Previous studies have found that PTCCO2 can precisely estimate PaCO2, however many technical factors can still affect the accuracy of PTCCO2 monitoring, including monitor factors (penetration of air bubbles, incorrect electrode positions, damage of electrode membranes, and inaccurate calibration, etc.) and patients factors (skin blood perfusion, skin thickness, edema, dehydration, vascular active drug and anoxic acidosis. etc.) [14–16]. Heating electrodes can improve the reaction time, and increase local blood flow by the formation of local capillary arterialization, but it can also significantly lower the accuracy of the measurements. Nishiyama T et al [17] thought the electrodes should be heated to at least 43℃ to guarantee more accurate estimates of PaCO2 and PaO2. Sorensen LC et al [18] found that lower electrode temperature increases the system error of measured values in premature and neonates. The higher the temperature is, the greater the risk of skin burns will be. Hence, we chose 44℃ as the electrode temperature. No patients occurred with skin scald. Some of them had erythema, especially for females, which had faded away within 24h.
The present study has several limitations: First, we have not distinguished which patients developed subcutaneous emphysema, although no obvious subcutaneous emphysema was observed in the study. Second, the most accurate electrode position in the lateral decubitus position is still unknown. Third, there are not enough time points for each patient to be analyzed and a longer time span (somewhere after > 90 mins) is preferred to further observe the relationship between PETCO2, PTCCO2 and PaCO2. Fourth, we only observed the correlation among PETCO2, PTCCO2 and PaCO2 when PETCO2 was within 35 mmHg – 50 mmHg which means we have no idea about the data out of the above range when patients undergoing retroperitoneoscopic urologic surgery.
Like BP, HR, and SpO2, PTCCO2 monitoring can be used as another pair of “eyes” during perioperative monitoring for anesthesiologists.
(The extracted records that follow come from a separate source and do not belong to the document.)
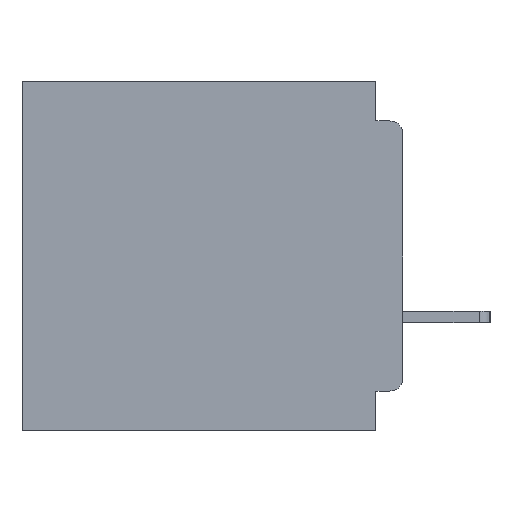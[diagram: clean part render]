
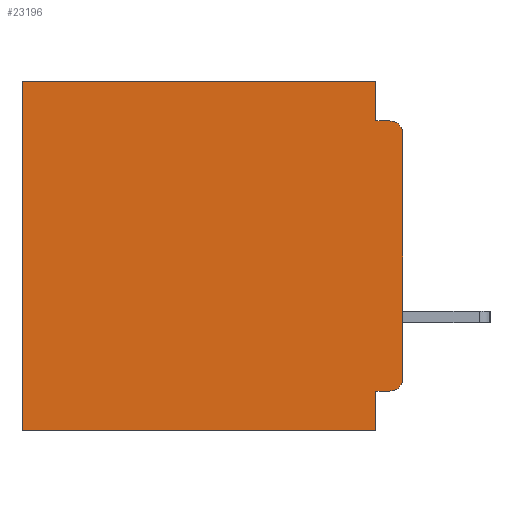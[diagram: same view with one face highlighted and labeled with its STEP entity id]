
A CAD part, left-side view. The second image highlights one B-rep face of the part: STEP entity #23196.
In plain terms, the highlighted planar face has unit normal (-1, 0, 0).
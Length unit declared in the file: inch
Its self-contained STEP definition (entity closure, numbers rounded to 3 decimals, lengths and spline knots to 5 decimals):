
#1151 = DIRECTION ( 'NONE',  ( -1., 0., 0. ) ) ;
#1883 = CARTESIAN_POINT ( 'NONE',  ( 0.3, 0.031, -0.355 ) ) ;
#2008 = LINE ( 'NONE', #6168, #19867 ) ;
#2822 = VERTEX_POINT ( 'NONE', #30978 ) ;
#2858 = ORIENTED_EDGE ( 'NONE', *, *, #19916, .F. ) ;
#3268 = AXIS2_PLACEMENT_3D ( 'NONE', #23945, #1151, #27742 ) ;
#4081 = LINE ( 'NONE', #41979, #11819 ) ;
#4703 = VECTOR ( 'NONE', #32102, 39.37008 ) ;
#4840 = PLANE ( 'NONE',  #35429 ) ;
#5229 = ORIENTED_EDGE ( 'NONE', *, *, #33605, .F. ) ;
#5336 = DIRECTION ( 'NONE',  ( -1., 0., 0. ) ) ;
#6168 = CARTESIAN_POINT ( 'NONE',  ( 0.3, 0.031, -0.4 ) ) ;
#6242 = VERTEX_POINT ( 'NONE', #18126 ) ;
#6318 = LINE ( 'NONE', #11604, #49036 ) ;
#7389 = CARTESIAN_POINT ( 'NONE',  ( 0.3, 0.437, -0.4 ) ) ;
#7538 = ORIENTED_EDGE ( 'NONE', *, *, #17003, .F. ) ;
#8183 = VECTOR ( 'NONE', #9811, 39.37008 ) ;
#8646 = DIRECTION ( 'NONE',  ( 0., 0., -1. ) ) ;
#9646 = CARTESIAN_POINT ( 'NONE',  ( 0.3, 0.031, -0.045 ) ) ;
#9787 = VERTEX_POINT ( 'NONE', #35350 ) ;
#9811 = DIRECTION ( 'NONE',  ( 0., 0., -1. ) ) ;
#10098 = CARTESIAN_POINT ( 'NONE',  ( 0.3, 0.437, 0. ) ) ;
#10855 = VERTEX_POINT ( 'NONE', #23301 ) ;
#11604 = CARTESIAN_POINT ( 'NONE',  ( 0.3, 0., 0. ) ) ;
#11819 = VECTOR ( 'NONE', #45757, 39.37008 ) ;
#13508 = VERTEX_POINT ( 'NONE', #43938 ) ;
#14941 = DIRECTION ( 'NONE',  ( 0., 0., -1. ) ) ;
#15779 = VERTEX_POINT ( 'NONE', #9646 ) ;
#16566 = FACE_OUTER_BOUND ( 'NONE', #49001, .T. ) ;
#16730 = VECTOR ( 'NONE', #25292, 39.37008 ) ;
#17003 = EDGE_CURVE ( 'NONE', #15779, #2822, #24901, .T. ) ;
#17799 = CIRCLE ( 'NONE', #3268, 0.015 ) ;
#18126 = CARTESIAN_POINT ( 'NONE',  ( 0.3, 0.015, -0.355 ) ) ;
#18466 = EDGE_CURVE ( 'NONE', #22585, #48244, #6318, .T. ) ;
#19460 = ORIENTED_EDGE ( 'NONE', *, *, #34483, .F. ) ;
#19867 = VECTOR ( 'NONE', #43999, 39.37008 ) ;
#19916 = EDGE_CURVE ( 'NONE', #22241, #38907, #2008, .T. ) ;
#19920 = AXIS2_PLACEMENT_3D ( 'NONE', #28086, #5336, #31907 ) ;
#20819 = CIRCLE ( 'NONE', #19920, 0.015 ) ;
#21002 = CARTESIAN_POINT ( 'NONE',  ( 0.3, 0., -0.045 ) ) ;
#22241 = VERTEX_POINT ( 'NONE', #1883 ) ;
#22585 = VERTEX_POINT ( 'NONE', #30709 ) ;
#22710 = EDGE_CURVE ( 'NONE', #9787, #2822, #17799, .T. ) ;
#22888 = VECTOR ( 'NONE', #32019, 39.37008 ) ;
#22916 = EDGE_CURVE ( 'NONE', #22585, #15779, #39721, .T. ) ;
#23194 = LINE ( 'NONE', #47985, #16730 ) ;
#23196 = ADVANCED_FACE ( 'NONE', ( #16566 ), #4840, .F. ) ;
#23301 = CARTESIAN_POINT ( 'NONE',  ( 0.3, 0., -0.34 ) ) ;
#23945 = CARTESIAN_POINT ( 'NONE',  ( 0.3, 0.015, -0.06 ) ) ;
#24819 = ORIENTED_EDGE ( 'NONE', *, *, #36894, .T. ) ;
#24901 = LINE ( 'NONE', #21002, #4703 ) ;
#25292 = DIRECTION ( 'NONE',  ( 0., 1., 0. ) ) ;
#26557 = ORIENTED_EDGE ( 'NONE', *, *, #22916, .F. ) ;
#27364 = EDGE_CURVE ( 'NONE', #6242, #10855, #20819, .T. ) ;
#27742 = DIRECTION ( 'NONE',  ( 0., 0., -1. ) ) ;
#28086 = CARTESIAN_POINT ( 'NONE',  ( 0.3, 0.015, -0.34 ) ) ;
#30709 = CARTESIAN_POINT ( 'NONE',  ( 0.3, 0.031, 0. ) ) ;
#30978 = CARTESIAN_POINT ( 'NONE',  ( 0.3, 0.015, -0.045 ) ) ;
#31397 = DIRECTION ( 'NONE',  ( 1., 0., 0. ) ) ;
#31907 = DIRECTION ( 'NONE',  ( 0., 0., -1. ) ) ;
#32019 = DIRECTION ( 'NONE',  ( 0., 1., 0. ) ) ;
#32102 = DIRECTION ( 'NONE',  ( 0., -1., 0. ) ) ;
#33605 = EDGE_CURVE ( 'NONE', #6242, #22241, #23194, .T. ) ;
#34483 = EDGE_CURVE ( 'NONE', #9787, #10855, #4081, .T. ) ;
#35350 = CARTESIAN_POINT ( 'NONE',  ( 0.3, 0., -0.06 ) ) ;
#35429 = AXIS2_PLACEMENT_3D ( 'NONE', #46446, #31397, #8646 ) ;
#36361 = CARTESIAN_POINT ( 'NONE',  ( 0.3, 0.031, -0.4 ) ) ;
#36894 = EDGE_CURVE ( 'NONE', #48244, #13508, #37058, .T. ) ;
#37058 = LINE ( 'NONE', #7389, #40091 ) ;
#38499 = ORIENTED_EDGE ( 'NONE', *, *, #48083, .F. ) ;
#38907 = VERTEX_POINT ( 'NONE', #36361 ) ;
#39721 = LINE ( 'NONE', #47605, #8183 ) ;
#40091 = VECTOR ( 'NONE', #14941, 39.37008 ) ;
#41975 = DIRECTION ( 'NONE',  ( 0., 1., 0. ) ) ;
#41979 = CARTESIAN_POINT ( 'NONE',  ( 0.3, 0., -0.4 ) ) ;
#41996 = ORIENTED_EDGE ( 'NONE', *, *, #22710, .T. ) ;
#43303 = CARTESIAN_POINT ( 'NONE',  ( 0.3, 0., -0.4 ) ) ;
#43804 = ORIENTED_EDGE ( 'NONE', *, *, #18466, .T. ) ;
#43938 = CARTESIAN_POINT ( 'NONE',  ( 0.3, 0.437, -0.4 ) ) ;
#43999 = DIRECTION ( 'NONE',  ( 0., 0., -1. ) ) ;
#44267 = LINE ( 'NONE', #43303, #22888 ) ;
#45757 = DIRECTION ( 'NONE',  ( 0., 0., -1. ) ) ;
#46446 = CARTESIAN_POINT ( 'NONE',  ( 0.3, 0., -0.4 ) ) ;
#46769 = ORIENTED_EDGE ( 'NONE', *, *, #27364, .T. ) ;
#47605 = CARTESIAN_POINT ( 'NONE',  ( 0.3, 0.031, 0. ) ) ;
#47985 = CARTESIAN_POINT ( 'NONE',  ( 0.3, 0., -0.355 ) ) ;
#48083 = EDGE_CURVE ( 'NONE', #38907, #13508, #44267, .T. ) ;
#48244 = VERTEX_POINT ( 'NONE', #10098 ) ;
#49001 = EDGE_LOOP ( 'NONE', ( #19460, #41996, #7538, #26557, #43804, #24819, #38499, #2858, #5229, #46769 ) ) ;
#49036 = VECTOR ( 'NONE', #41975, 39.37008 ) ;

What's more important is that PTCCO2 monitoring is a real-time and noninvasive monitoring, without additional trauma to the patients.
In conclusion, PTCCO2 has been proved a more accurate method than PETCO2 monitoring, on the aspect of estimating PaCO2 in patients undergoing retroperitoneoscopic urologic surgery. Although PTCCO2 might never replace the application of PETCO2, it offers an effective approach for continuous PaCO2 monitoring. Also, it provides an early warning in patients who may suffer potential risk of hypercapnia.